**Your task**
Read the records below and report each line in which "centre" occurs.
********************
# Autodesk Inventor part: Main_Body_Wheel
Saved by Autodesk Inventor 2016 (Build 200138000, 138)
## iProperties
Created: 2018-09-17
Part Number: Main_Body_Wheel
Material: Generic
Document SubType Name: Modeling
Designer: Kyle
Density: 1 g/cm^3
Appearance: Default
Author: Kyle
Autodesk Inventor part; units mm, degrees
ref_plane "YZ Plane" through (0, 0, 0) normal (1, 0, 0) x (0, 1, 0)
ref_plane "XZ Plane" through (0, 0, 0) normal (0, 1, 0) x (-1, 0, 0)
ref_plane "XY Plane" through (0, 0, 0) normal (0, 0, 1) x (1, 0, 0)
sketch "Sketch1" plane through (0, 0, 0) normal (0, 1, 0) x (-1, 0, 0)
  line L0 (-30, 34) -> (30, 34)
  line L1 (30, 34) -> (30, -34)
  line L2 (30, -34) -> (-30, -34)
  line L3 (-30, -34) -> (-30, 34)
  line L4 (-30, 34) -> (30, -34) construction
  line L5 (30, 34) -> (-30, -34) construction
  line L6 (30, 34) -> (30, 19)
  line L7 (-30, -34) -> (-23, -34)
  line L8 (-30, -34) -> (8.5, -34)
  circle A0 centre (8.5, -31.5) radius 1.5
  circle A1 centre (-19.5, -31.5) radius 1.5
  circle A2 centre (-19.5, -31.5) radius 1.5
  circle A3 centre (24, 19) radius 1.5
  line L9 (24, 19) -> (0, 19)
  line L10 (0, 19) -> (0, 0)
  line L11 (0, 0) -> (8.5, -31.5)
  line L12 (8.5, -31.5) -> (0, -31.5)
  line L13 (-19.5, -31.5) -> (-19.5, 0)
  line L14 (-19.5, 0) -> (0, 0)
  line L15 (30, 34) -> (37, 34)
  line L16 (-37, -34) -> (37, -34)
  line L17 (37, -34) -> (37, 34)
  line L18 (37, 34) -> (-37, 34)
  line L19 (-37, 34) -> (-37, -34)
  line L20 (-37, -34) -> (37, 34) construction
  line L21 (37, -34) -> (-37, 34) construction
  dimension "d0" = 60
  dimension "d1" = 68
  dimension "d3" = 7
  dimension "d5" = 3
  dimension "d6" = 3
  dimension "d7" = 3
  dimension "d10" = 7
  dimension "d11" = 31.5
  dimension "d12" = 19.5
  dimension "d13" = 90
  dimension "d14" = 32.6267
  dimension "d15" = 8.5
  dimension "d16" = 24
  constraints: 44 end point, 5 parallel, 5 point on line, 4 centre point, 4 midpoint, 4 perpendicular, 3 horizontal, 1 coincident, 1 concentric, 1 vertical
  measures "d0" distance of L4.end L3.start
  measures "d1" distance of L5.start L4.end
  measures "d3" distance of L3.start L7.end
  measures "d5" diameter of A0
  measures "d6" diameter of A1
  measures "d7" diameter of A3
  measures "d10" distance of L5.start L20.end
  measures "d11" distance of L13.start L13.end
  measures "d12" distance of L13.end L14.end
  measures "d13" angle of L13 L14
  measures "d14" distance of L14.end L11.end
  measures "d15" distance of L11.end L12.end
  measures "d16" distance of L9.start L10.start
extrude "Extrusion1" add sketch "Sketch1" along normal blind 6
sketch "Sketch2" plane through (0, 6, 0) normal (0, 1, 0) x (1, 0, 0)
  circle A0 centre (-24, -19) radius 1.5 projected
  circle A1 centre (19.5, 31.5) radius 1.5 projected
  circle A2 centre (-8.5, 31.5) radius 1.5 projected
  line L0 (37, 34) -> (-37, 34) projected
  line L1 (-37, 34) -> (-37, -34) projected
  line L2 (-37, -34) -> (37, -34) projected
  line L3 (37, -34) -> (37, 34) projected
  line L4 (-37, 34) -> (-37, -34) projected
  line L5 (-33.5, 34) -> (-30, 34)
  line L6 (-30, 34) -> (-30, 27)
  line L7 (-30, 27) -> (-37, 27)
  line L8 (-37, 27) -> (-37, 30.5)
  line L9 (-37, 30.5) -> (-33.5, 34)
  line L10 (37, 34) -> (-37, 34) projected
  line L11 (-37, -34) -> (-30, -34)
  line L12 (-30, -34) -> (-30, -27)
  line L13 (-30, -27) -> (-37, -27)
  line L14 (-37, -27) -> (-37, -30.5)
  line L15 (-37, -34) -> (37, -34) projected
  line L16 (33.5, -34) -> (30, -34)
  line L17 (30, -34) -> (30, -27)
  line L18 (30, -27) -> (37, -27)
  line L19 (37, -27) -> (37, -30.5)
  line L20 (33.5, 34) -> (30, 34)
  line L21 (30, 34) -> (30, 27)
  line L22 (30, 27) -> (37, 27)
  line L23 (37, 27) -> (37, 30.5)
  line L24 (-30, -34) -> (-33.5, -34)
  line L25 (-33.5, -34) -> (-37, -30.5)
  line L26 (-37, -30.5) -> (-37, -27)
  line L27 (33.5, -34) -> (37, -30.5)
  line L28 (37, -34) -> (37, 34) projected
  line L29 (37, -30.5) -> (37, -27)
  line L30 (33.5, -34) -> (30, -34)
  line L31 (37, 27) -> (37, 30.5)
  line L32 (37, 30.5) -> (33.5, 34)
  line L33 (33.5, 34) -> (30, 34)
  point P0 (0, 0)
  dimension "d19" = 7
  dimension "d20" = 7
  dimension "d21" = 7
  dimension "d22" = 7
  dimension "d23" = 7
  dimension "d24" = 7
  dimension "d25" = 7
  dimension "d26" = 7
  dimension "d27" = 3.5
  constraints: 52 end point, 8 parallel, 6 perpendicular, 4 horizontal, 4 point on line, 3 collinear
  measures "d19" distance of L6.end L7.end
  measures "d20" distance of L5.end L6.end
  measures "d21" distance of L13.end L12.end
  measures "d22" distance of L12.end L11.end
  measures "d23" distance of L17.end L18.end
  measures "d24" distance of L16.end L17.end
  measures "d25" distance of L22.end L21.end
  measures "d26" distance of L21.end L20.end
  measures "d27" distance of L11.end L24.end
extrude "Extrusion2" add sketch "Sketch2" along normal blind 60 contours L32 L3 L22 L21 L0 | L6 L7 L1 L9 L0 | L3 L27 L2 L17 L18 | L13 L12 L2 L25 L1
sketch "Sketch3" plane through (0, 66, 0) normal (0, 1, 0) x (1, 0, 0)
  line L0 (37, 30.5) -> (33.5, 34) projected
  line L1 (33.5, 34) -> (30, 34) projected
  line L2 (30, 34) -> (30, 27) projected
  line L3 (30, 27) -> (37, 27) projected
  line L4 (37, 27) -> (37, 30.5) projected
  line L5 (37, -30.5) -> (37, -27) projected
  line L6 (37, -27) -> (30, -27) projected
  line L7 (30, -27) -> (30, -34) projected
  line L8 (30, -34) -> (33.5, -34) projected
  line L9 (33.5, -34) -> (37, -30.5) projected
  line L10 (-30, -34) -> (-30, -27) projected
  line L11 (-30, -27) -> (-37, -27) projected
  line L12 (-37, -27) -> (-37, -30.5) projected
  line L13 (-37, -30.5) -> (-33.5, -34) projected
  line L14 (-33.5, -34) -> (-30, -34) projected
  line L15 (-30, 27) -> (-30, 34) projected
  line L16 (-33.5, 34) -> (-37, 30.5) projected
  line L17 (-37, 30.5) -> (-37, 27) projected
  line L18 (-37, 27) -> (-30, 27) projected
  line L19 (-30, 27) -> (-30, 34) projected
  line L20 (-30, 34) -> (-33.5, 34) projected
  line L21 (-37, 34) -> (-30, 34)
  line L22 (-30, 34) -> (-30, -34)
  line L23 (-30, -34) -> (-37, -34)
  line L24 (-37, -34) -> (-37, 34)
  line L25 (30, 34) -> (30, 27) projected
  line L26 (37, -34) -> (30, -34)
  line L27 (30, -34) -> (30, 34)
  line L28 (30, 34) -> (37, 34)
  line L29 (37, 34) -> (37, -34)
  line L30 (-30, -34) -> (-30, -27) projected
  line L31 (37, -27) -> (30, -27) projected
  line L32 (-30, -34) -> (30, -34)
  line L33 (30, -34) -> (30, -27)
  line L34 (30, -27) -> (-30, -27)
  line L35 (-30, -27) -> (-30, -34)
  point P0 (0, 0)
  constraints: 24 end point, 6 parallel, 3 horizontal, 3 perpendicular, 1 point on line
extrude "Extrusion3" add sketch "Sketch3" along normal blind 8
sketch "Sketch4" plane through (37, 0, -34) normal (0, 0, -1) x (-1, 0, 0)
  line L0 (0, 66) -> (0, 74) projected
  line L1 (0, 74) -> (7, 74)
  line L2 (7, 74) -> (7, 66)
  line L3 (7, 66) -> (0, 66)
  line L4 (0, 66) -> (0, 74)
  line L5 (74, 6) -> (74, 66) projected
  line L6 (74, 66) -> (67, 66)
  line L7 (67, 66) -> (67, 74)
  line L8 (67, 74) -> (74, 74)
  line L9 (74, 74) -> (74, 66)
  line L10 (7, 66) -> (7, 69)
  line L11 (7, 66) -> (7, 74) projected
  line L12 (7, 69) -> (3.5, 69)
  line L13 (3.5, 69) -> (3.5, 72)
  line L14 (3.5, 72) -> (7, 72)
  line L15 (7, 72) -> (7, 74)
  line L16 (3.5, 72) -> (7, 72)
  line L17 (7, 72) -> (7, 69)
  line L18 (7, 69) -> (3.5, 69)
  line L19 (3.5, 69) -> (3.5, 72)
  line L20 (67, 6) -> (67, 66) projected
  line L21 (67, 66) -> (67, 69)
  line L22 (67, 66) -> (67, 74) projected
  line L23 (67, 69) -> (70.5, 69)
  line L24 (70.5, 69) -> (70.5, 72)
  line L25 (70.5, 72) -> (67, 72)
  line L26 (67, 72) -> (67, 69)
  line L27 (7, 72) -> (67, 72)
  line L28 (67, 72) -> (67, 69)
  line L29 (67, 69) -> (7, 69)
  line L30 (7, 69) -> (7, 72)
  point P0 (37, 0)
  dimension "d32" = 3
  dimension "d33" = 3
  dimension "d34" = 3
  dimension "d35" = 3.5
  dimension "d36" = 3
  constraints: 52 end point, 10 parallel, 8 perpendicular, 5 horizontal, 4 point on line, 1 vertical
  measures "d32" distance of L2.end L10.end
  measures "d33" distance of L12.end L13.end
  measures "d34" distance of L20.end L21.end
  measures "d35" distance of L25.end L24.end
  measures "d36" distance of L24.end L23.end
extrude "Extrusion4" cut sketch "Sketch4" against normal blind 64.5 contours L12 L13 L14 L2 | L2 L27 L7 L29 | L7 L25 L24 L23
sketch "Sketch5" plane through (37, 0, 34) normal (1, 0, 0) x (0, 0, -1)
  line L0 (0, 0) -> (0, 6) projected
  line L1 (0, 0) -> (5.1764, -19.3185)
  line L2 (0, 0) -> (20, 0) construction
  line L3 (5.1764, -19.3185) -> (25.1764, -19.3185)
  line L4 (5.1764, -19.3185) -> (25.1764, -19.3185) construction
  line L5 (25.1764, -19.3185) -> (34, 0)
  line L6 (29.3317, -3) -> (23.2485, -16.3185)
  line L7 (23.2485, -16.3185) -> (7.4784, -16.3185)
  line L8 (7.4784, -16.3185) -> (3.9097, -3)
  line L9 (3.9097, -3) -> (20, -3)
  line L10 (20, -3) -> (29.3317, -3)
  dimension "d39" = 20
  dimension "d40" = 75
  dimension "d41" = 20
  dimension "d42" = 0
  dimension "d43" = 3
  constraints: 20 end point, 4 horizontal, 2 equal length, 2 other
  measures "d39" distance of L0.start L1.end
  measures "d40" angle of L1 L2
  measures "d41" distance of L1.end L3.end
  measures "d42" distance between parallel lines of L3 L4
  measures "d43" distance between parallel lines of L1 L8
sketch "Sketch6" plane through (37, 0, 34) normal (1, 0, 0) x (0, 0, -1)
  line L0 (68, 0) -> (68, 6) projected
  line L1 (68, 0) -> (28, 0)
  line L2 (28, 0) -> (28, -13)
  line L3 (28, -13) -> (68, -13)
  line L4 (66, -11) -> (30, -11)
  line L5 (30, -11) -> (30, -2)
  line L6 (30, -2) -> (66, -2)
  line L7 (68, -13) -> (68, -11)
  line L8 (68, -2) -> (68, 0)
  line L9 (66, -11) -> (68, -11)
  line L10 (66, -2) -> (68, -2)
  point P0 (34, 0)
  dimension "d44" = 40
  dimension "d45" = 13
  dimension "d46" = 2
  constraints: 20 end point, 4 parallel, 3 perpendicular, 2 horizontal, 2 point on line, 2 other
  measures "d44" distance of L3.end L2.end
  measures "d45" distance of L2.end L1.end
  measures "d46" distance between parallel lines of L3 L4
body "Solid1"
********************
**Result below**
  circle A0 centre (8.5, -31.5) radius 1.5
  circle A1 centre (-19.5, -31.5) radius 1.5
  circle A2 centre (-19.5, -31.5) radius 1.5
  circle A3 centre (24, 19) radius 1.5
  constraints: 44 end point, 5 parallel, 5 point on line, 4 centre point, 4 midpoint, 4 perpendicular, 3 horizontal, 1 coincident, 1 concentric, 1 vertical
  circle A0 centre (-24, -19) radius 1.5 projected
  circle A1 centre (19.5, 31.5) radius 1.5 projected
  circle A2 centre (-8.5, 31.5) radius 1.5 projected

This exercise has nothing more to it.